Write Bandwidth analysis type uses event-based sampling collection and is targeted for Intel® processors code name Beckton or Eagleton.
The Write Bandwidth analysis type measures the data written to DRAM via the processor's integrated memory controller. As a result of the data collection, theIntel® VTune™ Amplifier displays the write bandwidth-over-time chart. Use this chart to identify regions of significant memory bandwidth and compare that bandwidth with your machine's theoretical bandwidth limits. This helps you determine whether the code is saturating available bandwidth, a significant performance limitation. Once you have identified and filtered in a region of significant bandwidth, use the memory-access-correlated grid metrics to identify the thread, process, module, source file, or function responsible for the performance bottleneck.
To determine theoretical bandwidth limits for your machine, use a benchmark that is bandwidth-limited by design (like the STREAM benchmarks).
To see the full list of events used for this analysis type:
Click the (standalone GUI)/ (Visual Studio IDE) New Analysis toolbar button.
The Analysis Type window opens.
From the left pane, select Microarchitecture Analysis > CPU Specific Analysis > Nehalem /Westmere Analysis > Write Bandwidth Analysis.
The Write Bandwidth Analysis configuration pane opens on the right. The Details section provides a table with the processor events used for this analysis type.

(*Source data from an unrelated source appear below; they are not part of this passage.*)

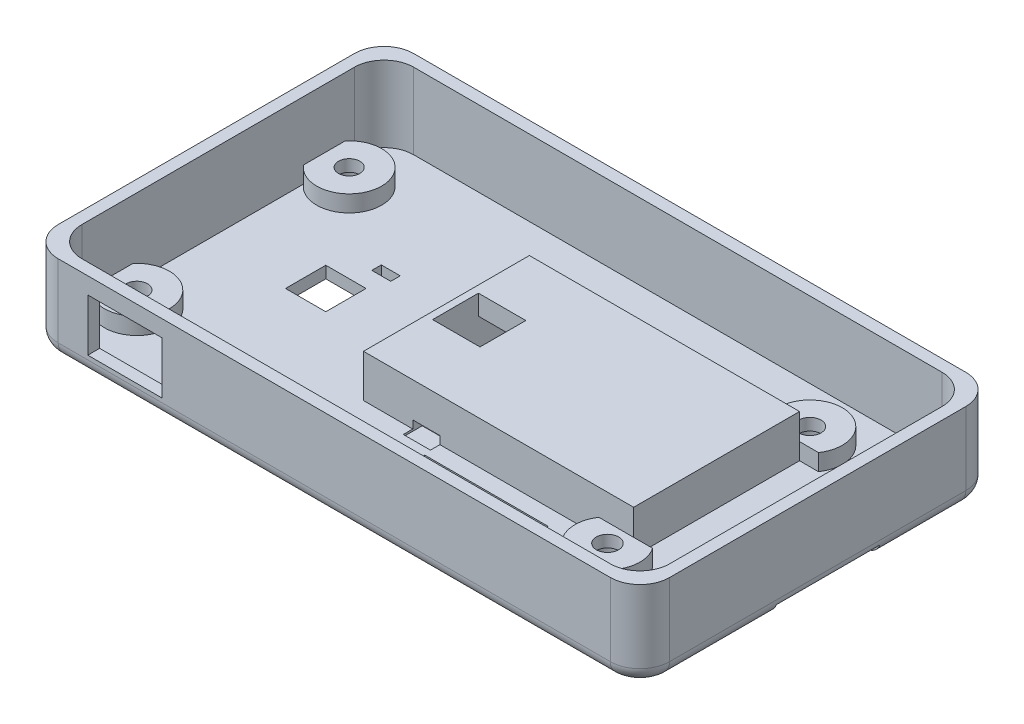
SolidWorks part; units mm, degrees
material "ABS"
ref_plane "Спереди" through (0, 0, 0) normal (0, 0, 1) x (1, 0, 0)
ref_plane "Сверху" through (0, 0, 0) normal (0, 1, 0) x (1, 0, 0)
ref_plane "Справа" through (0, 0, 0) normal (1, 0, 0) x (0, 0, -1)
sketch "Эскиз1" plane through (0, 0, 0) normal (0, 1, 0) x (1, 0, 0)
  line L11 (61.92, -36) -> (-61.92, -36)
  line L12 (61.92, -36) -> (61.92, 36)
  line L13 (61.92, 36) -> (-61.92, 36)
  line L14 (-61.92, -36) -> (-61.92, 36)
  point P0 (0, 0)
extrude "Бобышка-Вытянуть1" add sketch "Эскиз1" along normal blind 17.76
sketch "Эскиз8" plane through (0, 17.76, 0) normal (0, 1, 0) x (1, 0, 0)
  line L7 (-59.52, 33.6) -> (59.52, 33.6)
  line L8 (-59.52, 33.6) -> (-59.52, -33.6)
  line L9 (-59.52, -33.6) -> (59.52, -33.6)
  line L10 (59.52, 33.6) -> (59.52, -33.6)
extrude "Вырез-Вытянуть5" cut sketch "Эскиз8" against normal blind 15.36
sketch "Эскиз10" plane through (0, 2.4, 0) normal (0, 1, 0) x (1, 0, 0)
  line L2 (39.24, -14.6) -> (-15.48, -14.6)
  line L6 (-15.48, -14.6) -> (-15.48, 19)
  line L7 (39.24, 19) -> (-15.48, 19)
  line L8 (39.24, -14.6) -> (39.24, 19)
sketch "Эскиз11" plane through (0, 0, 33.6) normal (0, 0, 1) x (1, 0, 0)
  line L3 (-49.92, 3.84) -> (-34.92, 3.84)
  line L4 (-49.92, 3.84) -> (-49.92, 14.4)
  line L5 (-49.92, 14.4) -> (-34.92, 14.4)
  line L6 (-34.92, 3.84) -> (-34.92, 14.4)
extrude "Бобышка-Вытянуть2" add sketch "Эскиз10" along normal blind 8.64
extrude "Вырез-Вытянуть7" cut sketch "Эскиз11" along normal blind 5
sketch "Эскиз12" plane through (0, 0, 0) normal (0, -1, 0) x (1, 0, 0)
  line L5 (-14.04, 12.68) -> (37.32, 12.68)
  line L6 (-14.04, 12.68) -> (-14.04, -17.56)
  line L7 (-14.04, -17.56) -> (37.32, -17.56)
  line L8 (37.32, 12.68) -> (37.32, -17.56)
  point P3 (57.4685, 0)
extrude "Вырез-Вытянуть8" cut sketch "Эскиз12" against normal blind 7
sketch "Эскиз13" plane through (0, 0, 0) normal (0, -1, 0) x (1, 0, 0)
  line L0 (61.92, 36) -> (61.92, -36) construction
  line L2 (61.92, 8.2) -> (37.32, 8.2)
  line L3 (37.32, -17.56) -> (37.32, 12.68) construction
  line L4 (61.92, 8.2) -> (61.92, -12.76)
  line L5 (37.32, 8.2) -> (37.32, -12.76)
  line L6 (37.32, -12.76) -> (61.92, -12.76)
  point P12 (0, 0)
extrude "Вырез-Вытянуть9" cut sketch "Эскиз13" against normal blind 2
sketch "Эскиз21" plane through (0, 7, 0) normal (0, -1, 0) x (1, 0, 0)
  line L0 (-14.04, 12.68) -> (-14.04, -17.56) construction
  line L1 (0, 0) -> (48.3033, 0) construction
  line L2 (-14.04, -2.44) -> (-14.04, 2.04)
  line L3 (-14.04, -2.44) -> (-14.04, -7.24)
  line L4 (-14.04, 2.04) -> (-4.44, 2.04)
  line L5 (-14.04, -7.24) -> (-4.44, -7.24)
  line L6 (-4.44, -7.24) -> (-4.44, 2.04)
extrude "Вырез-Вытянуть16" cut sketch "Эскиз21" against normal through all
sketch "Эскиз14" plane through (0, 0, 0) normal (0, -1, 0) x (1, 0, 0)
  circle A0 centre (37.64, -22.7) radius 2.26
  circle A1 centre (-54.48, -21.5) radius 2.16
  circle A2 centre (37.64, 18.3) radius 2.26
  circle A6 centre (-54.48, 21.5) radius 2.16
  point P4 (0, 0)
sketch "Эскиз22" plane through (0, 0, 0) normal (0, -1, 0) x (1, 0, 0)
  circle A4 centre (-54.48, 21.5) radius 3.12
  circle A5 centre (-54.48, -21.5) radius 3.12
  circle A6 centre (37.64, -22.7) radius 3.71
  circle A7 centre (37.64, 18.3) radius 3.71
fillet "Скругление1" radius 6 4 edges at (-61.92, 8.88, 36) (-61.92, 8.88, -36) (61.92, 8.88, -36) (61.92, 8.88, 36)
fillet "Скругление3" radius 3 8 edges at (60.1626, 0, -34.2426) (0, 0, -36) (-60.1626, 0, -34.2426) (-61.92, 0, 0) (-60.1626, 0, 34.2426) (61.92, 0, 19.1) (60.1626, 0, 34.2426) (0, 0, 36)
fillet "Скругление5" radius 6 4 edges at (-59.52, 10.08, 33.6) (-59.52, 10.08, -33.6) (59.52, 10.08, 33.6) (59.52, 10.08, -33.6) tangent propagation no
sketch "Эскиз19" plane through (0, 0, 12.68) normal (0, 0, -1) x (-1, 0, 0)
  line L4 (5.5, 2) -> (0, 2)
  line L5 (5.5, 2) -> (5.5, 4)
  line L6 (5.5, 4) -> (0, 4)
  line L7 (0, 2) -> (0, 4)
extrude "Вырез-Вытянуть14" cut sketch "Эскиз19" against normal blind 3.84
sketch "Эскиз20" plane through (0, 0, -17.56) normal (0, 0, 1) x (1, 0, 0)
  line L4 (-5.5, 2) -> (0, 2)
  line L5 (-5.5, 2) -> (-5.5, 4)
  line L6 (-5.5, 4) -> (0, 4)
  line L7 (0, 2) -> (0, 4)
extrude "Вырез-Вытянуть15" cut sketch "Эскиз20" against normal blind 3.84
sketch "Эскиз23" plane through (0, 2.4, 0) normal (0, 1, 0) x (1, 0, 0)
  line L1 (-59.52, 25.7302) -> (-59.52, 17.2698)
  line L3 (-59.52, 27.6) -> (-59.52, -27.6) construction
  line L4 (-59.52, -25.7302) -> (-59.52, -17.2698)
  arc A0 (-59.52, 17.2698) -> (-59.52, 25.7302) centre (-54.48, 21.5) ccw
  arc A2 (-59.52, -25.7302) -> (-59.52, -17.2698) centre (-54.48, -21.5) ccw
sketch "Эскиз24" plane through (0, 2.4, 0) normal (0, 1, 0) x (1, 0, 0)
  line L0 (39.24, 19) -> (-15.48, 19) construction
  line L1 (32.1988, -14.6) -> (43.0759, -14.5923)
  line L2 (32.1988, 19) -> (43.0812, 19)
  line L4 (-15.48, -14.6) -> (39.24, -14.6) construction
  arc A0 (32.1988, -14.6) -> (43.0759, -14.5923) centre (37.64, -18.3) ccw
  arc A1 (32.1988, 19) -> (43.0812, 19) centre (37.64, 22.7) cw
extrude "Бобышка-Вытянуть3" add sketch "Эскиз24" along normal blind 3.36
extrude "Бобышка-Вытянуть4" add sketch "Эскиз23" along normal blind 3.36
sketch "Эскиз25" plane through (0, 0, 0) normal (0, 1, 0) x (1, 0, 0)
  circle A0 centre (-54.48, -21.5) radius 2.16
  circle A1 centre (-54.48, 21.5) radius 2.16
  circle A2 centre (37.64, 22.7) radius 2.26
  circle A3 centre (37.64, -18.3) radius 2.26
extrude "Вырез-Вытянуть17" cut sketch "Эскиз25" along normal through all
extrude "Вырез-Вытянуть18" cut sketch "Эскиз22" against normal blind 3.36
sketch "Эскиз26" plane through (0, 0, 0) normal (0, -1, 0) x (1, 0, 0)
  line L3 (25.2416, 17.96) -> (0.2816, 17.96)
  line L4 (25.2416, 17.96) -> (25.2416, 29)
  line L5 (25.2416, 29) -> (0.2816, 29)
  line L6 (0.2816, 17.96) -> (0.2816, 29)
  line L8 (-33.64, -11) -> (-37.48, -11)
  line L9 (-34.88, 2.84) -> (-43.04, 2.84)
  line L10 (-34.88, 2.84) -> (-34.88, -5.32)
  line L11 (-34.88, -5.32) -> (-43.04, -5.32)
  line L12 (-43.04, 2.84) -> (-43.04, -5.32)
  line L13 (-37.48, -11) -> (-37.48, -9.08)
  line L14 (-37.48, -9.08) -> (-33.64, -9.08)
  line L15 (-33.64, -9.08) -> (-33.64, -11)
extrude "Вырез-Вытянуть19" cut sketch "Эскиз26" against normal through all

You can choose to view Write Bandwidth analysis results in any of the following viewpoints:
Viewpoint | Description |
---|---|
Hardware Event Counts | Displays the event count for all collected processor events. While the Hardware Event Sample Counts viewpoint provides the actual number of samples collected for an event, Hardware Event Count viewpoint estimates the number of times this event occurred during the collection. |
Hardware Event Sample Counts | Displays the sample count for all collected processor events. While the Hardware Event Counts viewpoint estimates the number of times an event occurred during the collection, the Hardware Event Sample Counts viewpoint provides the actual number of samples collected for this event. |
Hardware Issues | Helps identify where the application is not making the best use of available hardware resources. This viewpoint displays metrics derived from hardware performance counters. Hover over the highlighted metrics values in the grid to read why the extreme value might represent a performance problem. |
Bandwidth | Helps identify where the application is generating significant bandwidth to DRAM. Memory bandwidth, in GB/sec, is plotted in the timeline, while events often associated with DRAM requests are shown in the grid. In the timeline, select a region of high bandwidth, and filter that region in. Use the grid to discover where in the code DRAM accesses are being generated. |
Task Time | Visualizes tasks, logical units of work on specific threads, based on ITT API annotations. Identify tasks with the highest execution time and analyze threads responsible for a particular task. |
These viewpoints may include the following windows:
Summary window displays statistics on the overall application execution.
Bottom-up window displays performance data per memory-access-correlated metrics (event ratio/event count/sample count) for each program unit.
Top-down Tree window displays hotspot functions in the call tree, performance metrics for a function only (Self value) and for a function and its children together (Total value).
PMU Events window displays count for PMU events selected for the analysis.
Uncore Events window displays count for uncore events selected for the analysis. If there are no uncore events, the upper pane of the window is empty.
Tasks, Tasks over Time, and Tasks by Threads windows provide details on tasks specified in your code with the Task API.
Limitations
Unlike processors based on the Intel microarchitecture code name Sandy Bridge, Intel processors code name Beckton or Eagleton (based on Intel microarchitecture code name Nehalem) are multi-socket, and thus they are prone to NUMA (Non-Uniform Memory Access) issues. Each socket has its own memory DRAM chips, and, from the perspective of one socket, its own local DRAM chips are significantly faster to get to than the DRAMs of any other socket. This has ramifications for the Write Bandwidth analysis:
If the target application is generating lots of bandwidth, it may be bandwidth-limited. If it is, ensure (via core affinity or a similar approach) that the data is allocated on the same package where it will be most used.
BIOS settings can drastically affect your system's NUMA behavior. Before running the Bandwidth analysis, consider enabling NUMA in the BIOS. If not enabled, the VTune Amplifier may allocate pages of memory in a round-robin fashion, one page to each package's DRAM in turn. It may also think that the whole system has only one package. Choosing the proper BIOS settings may improve the performance by 20% or more. This setting is also required to correctly interpret collected bandwidth data.